[Extracted material Boundary: Start]
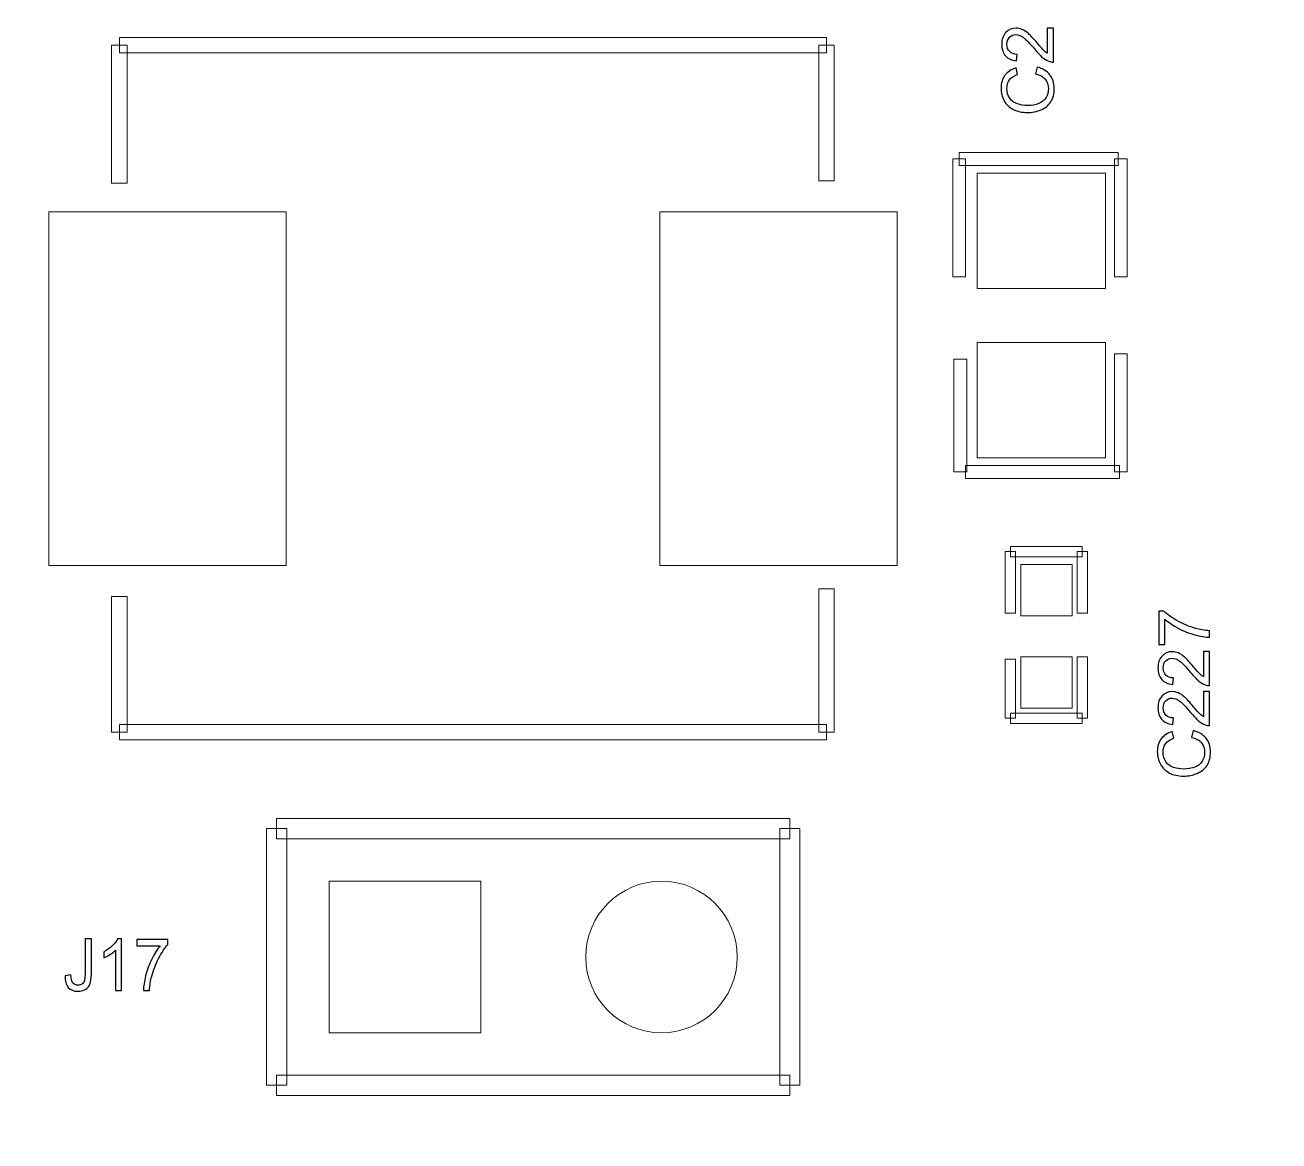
# Model space of a CAD drawing. Header units: millimetres. Extents: x -86 to 67, y -55 to 52.
# Drawn here: x -40.34 to -27.93, y -12.2 to -1.15 of the extents above; entities that cross this region are included whole.
import ezdxf

# ---------------------------------------------------------------- set-up
doc = ezdxf.new("R2010")
doc.units = ezdxf.units.MM
doc.header["$MEASUREMENT"] = 0
for name, color, linetype in [('BG_OUTLINE', 7, 'Continuous'), ('PG_SILKSCREEN_TOP', 7, 'Continuous'), ('PIN_TOP', 7, 'Continuous'), ('RD_SILKSCREEN_TOP', 7, 'Continuous')]:
    doc.layers.add(name, color=color, linetype=linetype)

msp = doc.modelspace()

# ---------------------------------------------------------------- linework, layer by layer
at = {"layer": 'BG_OUTLINE', "color": 3, "lineweight": 9}
msp.add_open_spline([(-60.0926, 34.7331), (-60.0926, 34.7331), (63.7724, 34.7331), (63.7724, 34.7331), (63.7724, 34.7331), (64.585, 34.7336), (65.3646, 34.4113), (65.9396, 33.837), (65.9396, 33.837), (66.5146, 33.2627), (66.8379, 32.4797), (66.8384, 31.667), (66.8384, 31.667), (66.8384, 31.667), (66.8412, -52.28), (66.8412, -52.28), (66.8412, -52.28), (66.8412, -52.28), (66.8384, -52.1933), (66.8384, -52.1933), (66.8384, -52.1933), (66.8389, -53.006), (66.5166, -53.7856), (65.9424, -54.3606), (65.9424, -54.3606), (65.3681, -54.9356), (64.585, -55.2589), (63.7724, -55.2594), (63.7724, -55.2594), (63.7724, -55.2594), (-60.1869, -55.2594), (-60.1869, -55.2594), (-60.1869, -55.2594), (-60.1869, -55.2594), (-60.0853, -55.2518), (-60.0853, -55.2518), (-60.0853, -55.2518), (-60.8979, -55.2523), (-61.6775, -54.9299), (-62.2525, -54.3557), (-62.2525, -54.3557), (-62.8275, -53.7814), (-63.1508, -52.9984), (-63.1513, -52.1857), (-63.1513, -52.1857), (-63.1513, -52.1857), (-63.1587, 31.667), (-63.1587, 31.667), (-63.1587, 31.667), (-63.1592, 32.4797), (-62.8369, 33.2593), (-62.2626, 33.8343), (-62.2626, 33.8343), (-61.6883, 34.4093), (-60.9053, 34.7326), (-60.0926, 34.7331)], degree=3, knots=[0, 0, 0, 0, 0.0714286, 0.0714286, 0.0714286, 0.0714286, 0.1428571, 0.1428571, 0.1428571, 0.1428571, 0.2142857, 0.2142857, 0.2142857, 0.2142857, 0.2857143, 0.2857143, 0.2857143, 0.2857143, 0.3571429, 0.3571429, 0.3571429, 0.3571429, 0.4285714, 0.4285714, 0.4285714, 0.4285714, 0.5, 0.5, 0.5, 0.5, 0.5714286, 0.5714286, 0.5714286, 0.5714286, 0.6428571, 0.6428571, 0.6428571, 0.6428571, 0.7142857, 0.7142857, 0.7142857, 0.7142857, 0.7857143, 0.7857143, 0.7857143, 0.7857143, 0.8571429, 0.8571429, 0.8571429, 0.8571429, 0.9285714, 0.9285714, 0.9285714, 0.9285714, 1, 1, 1, 1], dxfattribs=at)
at = {"layer": 'PG_SILKSCREEN_TOP', "color": 6, "lineweight": 9}
for points in [[(-39.3309, -2.7169), (-39.3309, -2.7169), (-39.4833, -2.7169), (-39.4833, -2.7169), (-39.4833, -2.7169), (-39.4833, -2.7169), (-39.4833, -1.3489), (-39.4833, -1.3489), (-39.4833, -1.3489), (-39.4833, -1.3489), (-39.3309, -1.3489), (-39.3309, -1.3489), (-39.3309, -1.3489), (-39.3309, -1.3489), (-39.3309, -2.7169), (-39.3309, -2.7169)], [(-39.4071, -1.4251), (-39.4071, -1.4251), (-39.4071, -1.2727), (-39.4071, -1.2727), (-39.4071, -1.2727), (-39.4071, -1.2727), (-32.4069, -1.2727), (-32.4069, -1.2727), (-32.4069, -1.2727), (-32.4069, -1.2727), (-32.4069, -1.4251), (-32.4069, -1.4251), (-32.4069, -1.4251), (-32.4069, -1.4251), (-39.4071, -1.4251), (-39.4071, -1.4251)], [(-32.4831, -1.3489), (-32.4831, -1.3489), (-32.3307, -1.3489), (-32.3307, -1.3489), (-32.3307, -1.3489), (-32.3307, -1.3489), (-32.3307, -2.6915), (-32.3307, -2.6915), (-32.3307, -2.6915), (-32.3307, -2.6915), (-32.4831, -2.6915), (-32.4831, -2.6915), (-32.4831, -2.6915), (-32.4831, -2.6915), (-32.4831, -1.3489), (-32.4831, -1.3489)], [(-31.0302, -3.644), (-31.0302, -3.644), (-31.1572, -3.644), (-31.1572, -3.644), (-31.1572, -3.644), (-31.1572, -3.644), (-31.1572, -2.4756), (-31.1572, -2.4756), (-31.1572, -2.4756), (-31.1572, -2.4756), (-31.0302, -2.4756), (-31.0302, -2.4756), (-31.0302, -2.4756), (-31.0302, -2.4756), (-31.0302, -3.644), (-31.0302, -3.644)], [(-31.0937, -2.5391), (-31.0937, -2.5391), (-31.0937, -2.4121), (-31.0937, -2.4121), (-31.0937, -2.4121), (-31.0937, -2.4121), (-29.5189, -2.4121), (-29.5189, -2.4121), (-29.5189, -2.4121), (-29.5189, -2.4121), (-29.5189, -2.5391), (-29.5189, -2.5391), (-29.5189, -2.5391), (-29.5189, -2.5391), (-31.0937, -2.5391), (-31.0937, -2.5391)], [(-29.557, -2.4756), (-29.557, -2.4756), (-29.43, -2.4756), (-29.43, -2.4756), (-29.43, -2.4756), (-29.43, -2.4756), (-29.43, -3.644), (-29.43, -3.644), (-29.43, -3.644), (-29.43, -3.644), (-29.557, -3.644), (-29.557, -3.644), (-29.557, -3.644), (-29.557, -3.644), (-29.557, -2.4756), (-29.557, -2.4756)], [(-31.1445, -4.4568), (-31.1445, -4.4568), (-31.0175, -4.4568), (-31.0175, -4.4568), (-31.0175, -4.4568), (-31.0175, -4.4568), (-31.0175, -5.5744), (-31.0175, -5.5744), (-31.0175, -5.5744), (-31.0175, -5.5744), (-31.1445, -5.5744), (-31.1445, -5.5744), (-31.1445, -5.5744), (-31.1445, -5.5744), (-31.1445, -4.4568), (-31.1445, -4.4568)], [(-29.43, -5.5744), (-29.43, -5.5744), (-29.557, -5.5744), (-29.557, -5.5744), (-29.557, -5.5744), (-29.557, -5.5744), (-29.557, -4.406), (-29.557, -4.406), (-29.557, -4.406), (-29.557, -4.406), (-29.43, -4.406), (-29.43, -4.406), (-29.43, -4.406), (-29.43, -4.406), (-29.43, -5.5744), (-29.43, -5.5744)], [(-31.0302, -5.6379), (-31.0302, -5.6379), (-31.0302, -5.5109), (-31.0302, -5.5109), (-31.0302, -5.5109), (-31.0302, -5.5109), (-29.5062, -5.5109), (-29.5062, -5.5109), (-29.5062, -5.5109), (-29.5062, -5.5109), (-29.5062, -5.6379), (-29.5062, -5.6379), (-29.5062, -5.6379), (-29.5062, -5.6379), (-31.0302, -5.6379), (-31.0302, -5.6379)], [(-29.8745, -6.311), (-29.8745, -6.311), (-29.8745, -6.4126), (-29.8745, -6.4126), (-29.8745, -6.4126), (-29.8745, -6.4126), (-30.5857, -6.4126), (-30.5857, -6.4126), (-30.5857, -6.4126), (-30.5857, -6.4126), (-30.5857, -6.311), (-30.5857, -6.311), (-30.5857, -6.311), (-30.5857, -6.311), (-29.8745, -6.311), (-29.8745, -6.311)], [(-30.6365, -6.3618), (-30.6365, -6.3618), (-30.5349, -6.3618), (-30.5349, -6.3618), (-30.5349, -6.3618), (-30.5349, -6.3618), (-30.5349, -6.9714), (-30.5349, -6.9714), (-30.5349, -6.9714), (-30.5349, -6.9714), (-30.6365, -6.9714), (-30.6365, -6.9714), (-30.6365, -6.9714), (-30.6365, -6.9714), (-30.6365, -6.3618), (-30.6365, -6.3618)], [(-29.9253, -6.3618), (-29.9253, -6.3618), (-29.8237, -6.3618), (-29.8237, -6.3618), (-29.8237, -6.3618), (-29.8237, -6.3618), (-29.8237, -6.9714), (-29.8237, -6.9714), (-29.8237, -6.9714), (-29.8237, -6.9714), (-29.9253, -6.9714), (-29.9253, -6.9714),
[Extracted material Boundary: End]
### Task item
Each line above that includes the word "linetype" is to be copied.

### Task solution
for name, color, linetype in [('BG_OUTLINE', 7, 'Continuous'), ('PG_SILKSCREEN_TOP', 7, 'Continuous'), ('PIN_TOP', 7, 'Continuous'), ('RD_SILKSCREEN_TOP', 7, 'Continuous')]:
    doc.layers.add(name, color=color, linetype=linetype)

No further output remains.